Only 9 of 24 models show statistically significant improvement with more context:
Most models don’t benefit from additional context.
Of the 24 models tested, 15 show flat or negative slopes — meaning more demographic evidence doesn’t help (or slightly hurts) their predictions. One interpretation is that these models may rely on fixed assumptions about demographic groups rather than reasoning from the provided data, though other explanations are possible. At the category level, only 19 of 93 model-category pairs survive joint statistical correction.
5Confidence in the Rankings
Bootstrap resampling (1,000 iterations) shows that while model ranks are broadly stable, the score differences between adjacent models are small enough that their confidence intervals overlap.
In other words: broad tiers may be meaningful (top performers vs. middle vs. bottom), but don’t read too much into a model being ranked #3 vs. #4. Focus on clusters rather than individual positions.
Preliminary Takeaways
The Gap Is Measurable
In our tests, AI models appear to know what people in general think, but haven’t yet learned how specific demographics differ from that average. The gap between the best model (0.767) and the population marginal baseline (0.833) gives us a concrete metric to track over time.
Progress May Be Trackable
With 86.8% of model pairs being statistically distinguishable, the rankings appear to carry signal. As new model versions are released, this framework could help measure whether they’re getting better at representing diverse perspectives — though more work is needed to validate that the metric reliably captures real-world representational quality.
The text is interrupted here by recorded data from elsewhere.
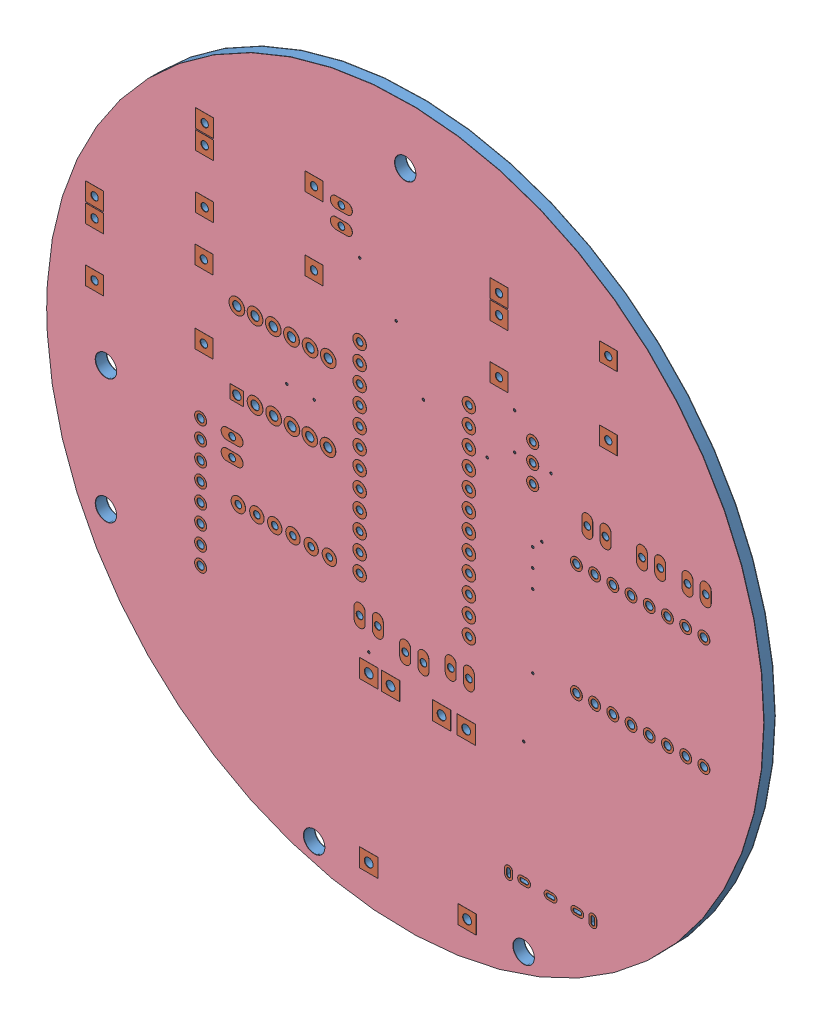
SolidWorks assembly RolyPoly PCB v1 SLDWRKS, configuration Default. Lengths in mm.
Overall size (100 100 1.64).
6 component instances, 5 part files, 0 mates.
Components (placement in the parent):
- RolyPoly PCB v1.step-1: RolyPoly PCB v1.step [Default] at origin size (100 100 1.64)
  - Board.step-1: Board.step [Default] at origin size (100 100 1.5)
  - 1-copper.step-1: 1-copper.step [Default] at (0 0 1.5) size (91.04 84.59 0.07)
  - 16-copper.step-1: 16-copper.step [Default] at (0 0 -0.035) size (97.81 97.81 0.07)
  - 1-soldermask.step-1: 1-soldermask.step [Default] at (0 0 1.5) size (100 100 0.05)
  - 16-soldermask.step-1: 16-soldermask.step [Default] at origin size (100 100 0.05)
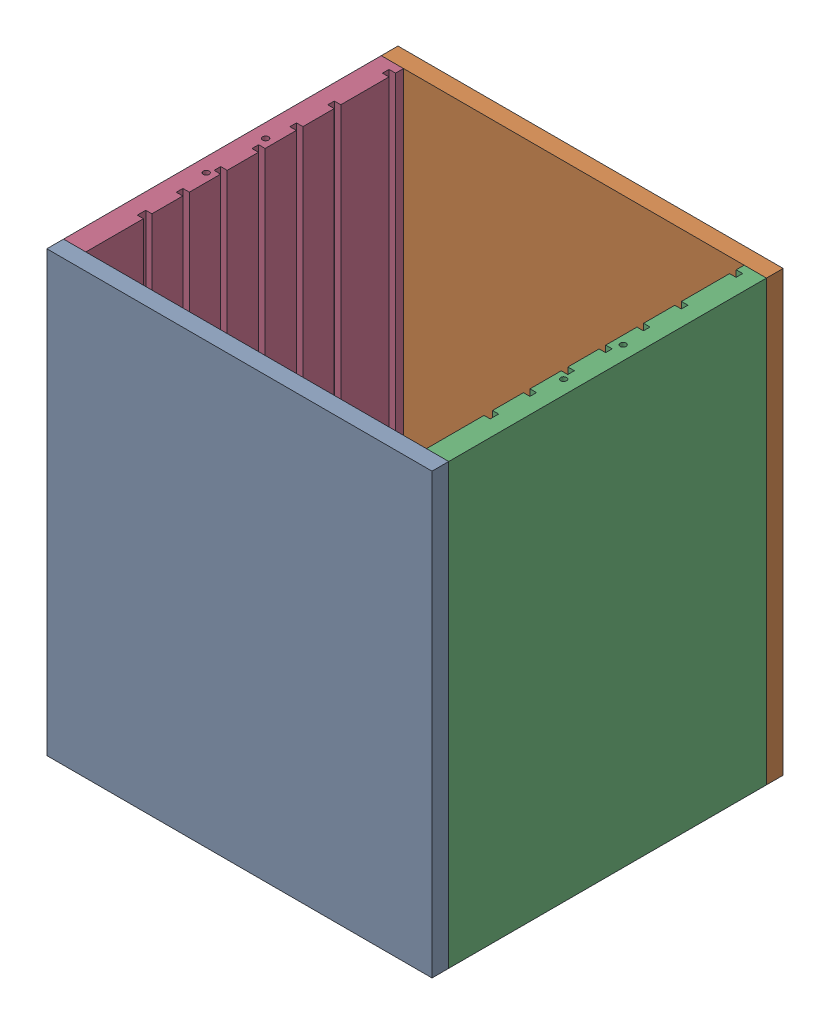
SolidWorks assembly CRT-CARD-CAGE, configuration Default. Lengths in mm.
Overall size (109.7 125 100).
4 component instances, 3 part files, 0 mates.
Components (placement in the parent):
- CAP-PLATE-1: CAP-PLATE [Default] at (117.8628 52.3805 167.2763) size (109.7 125 4.76)
- CAP-PLATE-2: CAP-PLATE [Default] at (116.3628 52.3805 72.7963) x (-1 0 0) z (0 0 -1) size (109.7 125 4.76)
- LH-SIDE-PLATE-1: LH-SIDE-PLATE [Default] at (66.6128 52.3805 120.0363) size (6.35 125 90.48)
- RH-SIDE_PLATE-1: RH-SIDE_PLATE [Default] at (-43.0872 52.3805 120.0363) size (6.35 125 90.48)
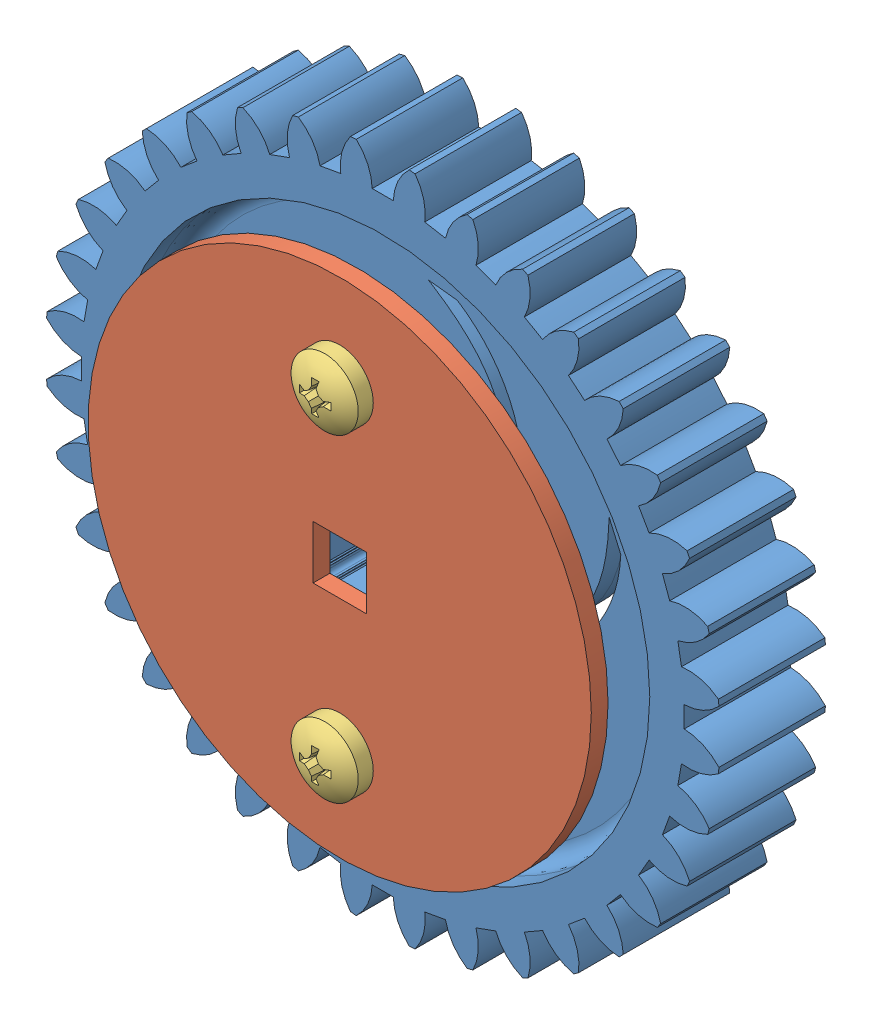
SolidWorks assembly reinforced 36T spur gear, configuration Default. Lengths in mm.
Overall size (40.08 40.08 12.1).
4 component instances, 3 part files, 7 mates.
Components (placement in the parent):
- Modified 36T gear-1: Modified 36T gear [36 teeth] at (13.4944 28.6707 27.2637) size (40.08 40.08 9.53)
- double plate 36T gear-1: double plate 36T gear [Default] at (13.5169 28.6932 33.0262) size (30 30 1)
- Tapping screw DIN 7049-ST2.2x9.5-C-H-S-1: Tapping screw DIN 7049-ST2.2x9.5-C-H-S [Tapping screw DIN 7049-ST2.2x9.5-C-H-S] at (13.5169 38.1932 33.0262) x (0 0 -1) z (1 0 0) size (11.07 4 4)
- Tapping screw DIN 7049-ST2.2x9.5-C-H-S-2: Tapping screw DIN 7049-ST2.2x9.5-C-H-S [Tapping screw DIN 7049-ST2.2x9.5-C-H-S] at (13.5169 19.1932 33.0262) x (0 0 -1) z (1 0 0) size (11.07 4 4)
Mates (geometry in assembly coordinates):
- Coincident3: coincident anti-aligned: plane of Modified 36T gear-1 through (13.4944 28.6707 32.0262) normal (0 0 1); plane of double plate 36T gear-1 through (13.5169 28.6932 32.0262) normal (0 0 -1)
- Coincident4: coincident anti-aligned: line of Modified 36T gear-1 through (15.1069 29.6228 32.0262) axis (0 -1 0); line of double plate 36T gear-1 through (15.1069 27.1032 32.0262) axis (0 1 0)
- Coincident5: coincident anti-aligned: line of Modified 36T gear-1 through (12.5423 30.2832 32.0262) axis (1 0 0); line of double plate 36T gear-1 through (15.1069 30.2832 32.0262) axis (-1 0 0)
- Concentric1: concentric aligned: cylinder of double plate 36T gear-1 through (13.5169 38.1932 32.0262) axis (0 0 1) radius 1.1; cylinder of Self tapping screw-1 through (13.5169 38.1932 33.0262) axis (0 0 1) radius 1.1
- Coincident6: coincident anti-aligned: plane of double plate 36T gear-1 through (13.5169 28.6932 33.0262) normal (0 0 1); plane of Self tapping screw-1 through (13.5169 39.2932 33.0262) normal (0 0 -1)
- Concentric21: concentric aligned: cylinder of double plate 36T gear-1 through (13.5169 19.1932 32.0262) axis (0 0 1) radius 1.1; cylinder of Self tapping screw-2 through (13.5169 19.1932 33.0262) axis (0 0 1) radius 1.1
- Coincident71: coincident anti-aligned: plane of double plate 36T gear-1 through (13.5169 28.6932 33.0262) normal (0 0 1); plane of Self tapping screw-2 through (13.5169 20.2932 33.0262) normal (0 0 -1)

Some Models Appear to Learn
The context responsiveness test attempts to distinguish models that reason from evidence vs. those relying on fixed priors. In our data, only a few models (notably Claude 3.7 Sonnet across 4 categories) consistently improve when given more information about a demographic group. These results warrant further investigation.
Better Data Needed
Country-level evaluation is currently unreliable (only 30.7% of data points meet quality thresholds). For this framework to meaningfully assess cross-cultural representation, larger and more diverse survey samples would be needed — particularly at the country and religion level.
What’s Next
DTEF is an early-stage, ongoing research project. These findings are preliminary and represent a snapshot from February 2026. The methodology, metrics, and interpretations are all subject to revision as we learn more.
- •Expanded datasets: Integration of additional survey sources beyond Global Dialogues to broaden cultural and topical coverage.
- •Intersectional analysis: Testing demographic combinations (e.g., “young urban women”) rather than single dimensions.
- •Temporal tracking: Measuring whether models capture opinion shifts across survey rounds over time.
- •Continuous benchmarking: Automatic re-evaluation as new model versions are released.